**Problem description:** Begin at the line containing "line L1 (-85, 0) -> (-85, 95) construction" in the entries below and end at the line containing "circle A0 centre (-80.75, 90.75) radius 1.5"; transcribe that range exactly and nothing outside it.

**Provided material:**

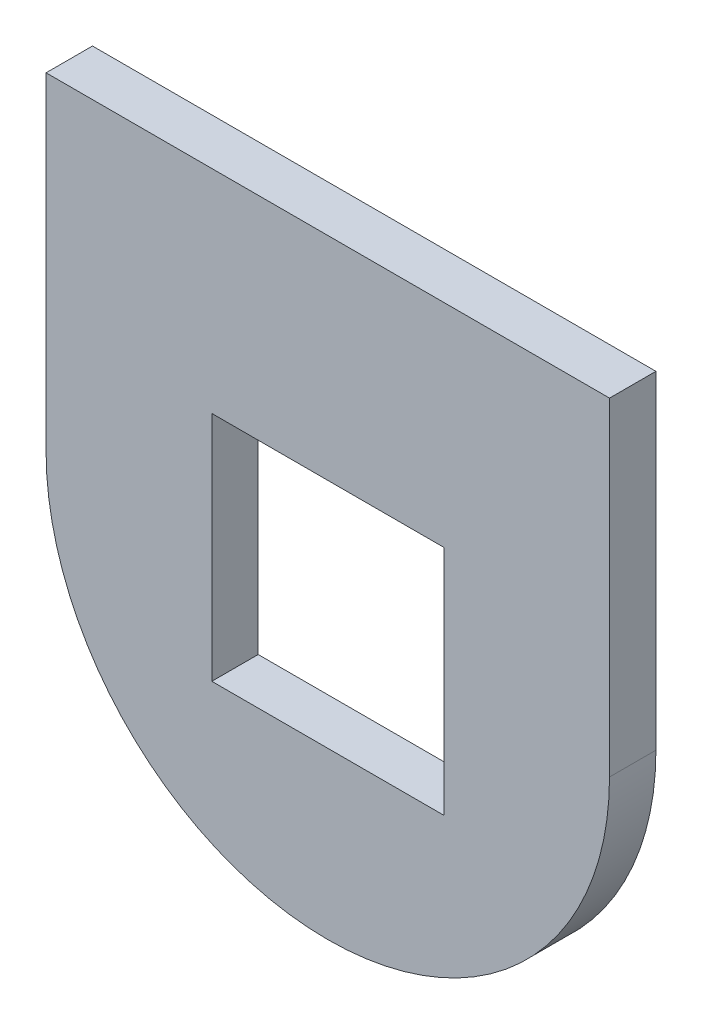
SolidWorks part; units mm, degrees
ref_plane "Front Plane" through (0, 0, 0) normal (0, 0, 1) x (1, 0, 0)
ref_plane "Top Plane" through (0, 0, 0) normal (0, 1, 0) x (1, 0, 0)
ref_plane "Right Plane" through (0, 0, 0) normal (1, 0, 0) x (0, 0, -1)
sketch "Sketch1" plane through (0, 0, 0) normal (0, 0, 1) x (1, 0, 0)
  line L1 (0, 0) -> (85, 0)
  line L2 (0, 0) -> (0, 95)
  line L3 (0, 95) -> (85, 95)
  line L4 (85, 0) -> (85, 95)
  dimension "D1" = 95
  dimension "D2" = 85
extrude "Boss-Extrude1" add sketch "Sketch1" along normal blind 7
sketch "Sketch2" plane through (0, 0, 7) normal (0, 0, 1) x (1, 0, 0)
  line L0 (0, 0) -> (85, 0) construction
  line L1 (25, 27.5) -> (60, 27.5)
  line L2 (25, 27.5) -> (25, 62.5)
  line L3 (25, 62.5) -> (60, 62.5)
  line L4 (60, 27.5) -> (60, 62.5)
  line L5 (25, 27.5) -> (60, 62.5) construction
  line L6 (25, 62.5) -> (60, 27.5) construction
  point P0 (42.5, 45)
  point P7 (42.5, 0)
  dimension "D1" = 0
  dimension "D2" = 35
  dimension "D3" = 35
  dimension "D4" = 45
extrude "Cut-Extrude1" cut sketch "Sketch2" against normal blind 7
sketch "Sketch4" plane through (0, 95, 0) normal (0, 1, 0) x (1, 0, 0)
  line L0 (0, -3.5) -> (85, -3.5) construction
  line L1 (0, -7) -> (0, 0) construction
  line L2 (85, -7) -> (85, 0) construction
  circle A0 centre (21.25, -3.5) radius 1.5
  circle A1 centre (63.75, -3.5) radius 1.5
  dimension "D1" = 3
  dimension "D2" = 3
  dimension "D3" = 21.25
  dimension "D4" = 21.25
sketch "Sketch6" plane through (0, 0, 0) normal (0, 0, -1) x (-1, 0, 0)
  line L0 (-85, 95) -> (0, 95) construction
  line L1 (-85, 0) -> (-85, 95) construction
  line L2 (-42.5, 62.5) -> (-42.5, 65.8033) construction
  line L3 (-60, 62.5) -> (-25, 62.5) construction
  line L4 (0, 95) -> (0, 0) construction
  line L5 (0, 0) -> (-85, 0) construction
  circle A0 centre (-80.75, 90.75) radius 1.5
  circle A1 centre (-4.25, 90.75) radius 1.5
  circle A2 centre (-4.45, 4.25) radius 1.5
  circle A3 centre (-80.75, 7.25) radius 1.5
  dimension "D1" = 3
  dimension "D5" = 3
  dimension "D7" = 3
  dimension "D2" = 4.25
  dimension "D3" = 4.25
  dimension "D4" = 4.45
  dimension "D6" = 4.25
  dimension "D8" = 7.25
  dimension "D9" = 4.25
sketch "Sketch7" plane through (0, 0, 0) normal (0, 0, -1) x (-1, 0, 0)
  line L0 (-85, 45) -> (-85, 0)
  line L1 (-85, 0) -> (0, 0)
  line L2 (0, 0) -> (0, 45)
  arc A0 (-85, 45) -> (0, 45) centre (-42.5, 45) ccw
  dimension "D1" = 85
extrude "Cut-Extrude4" cut sketch "Sketch7" against normal blind 10
sketch "Sketch8" plane through (0, 0, 7) normal (0, 0, 1) x (1, 0, 0)
  line L0 (85, 95) -> (0, 95) construction
  line L1 (85, 45) -> (85, 95) construction
  line L2 (42.5, 62.5) -> (42.5, 67.7032) construction
  line L3 (60, 62.5) -> (25, 62.5) construction
  circle A0 centre (80.75, 63) radius 1.5
  circle A1 centre (4.25, 63) radius 1.5
  dimension "D1" = 3
  dimension "D2" = 32
  dimension "D3" = 4.25
sketch "Sketch10" plane through (0, 0, 0) normal (0, 0, -1) x (-1, 0, 0)
  line L0 (-42.5, 2.5) -> (-42.5, 26.8409) construction
  arc A0 (-85, 45) -> (0, 45) centre (-42.5, 45) ccw construction
  circle A1 centre (-42.5, 6.75) radius 1.5
  dimension "D1" = 3
  dimension "D2" = 4.25
sketch "Sketch11" plane through (0, 0, 7) normal (0, 0, 1) x (1, 0, 0)
  circle A0 centre (42.5, 6.75) radius 1.5 construction
  circle A1 centre (42.5, 6.75) radius 1.5
sketch "Sketch12" plane through (0, 95, 0) normal (0, 1, 0) x (1, 0, 0)
  line L1 (0, -7) -> (85, -7)
  line L2 (0, -7) -> (0, 0)
  line L3 (0, 0) -> (85, 0)
  line L4 (85, -7) -> (85, 0)
extrude "Cut-Extrude9" cut sketch "Sketch12" against normal blind 0.5

**Written solution:**
  line L1 (-85, 0) -> (-85, 95) construction
  line L2 (-42.5, 62.5) -> (-42.5, 65.8033) construction
  line L3 (-60, 62.5) -> (-25, 62.5) construction
  line L4 (0, 95) -> (0, 0) construction
  line L5 (0, 0) -> (-85, 0) construction
  circle A0 centre (-80.75, 90.75) radius 1.5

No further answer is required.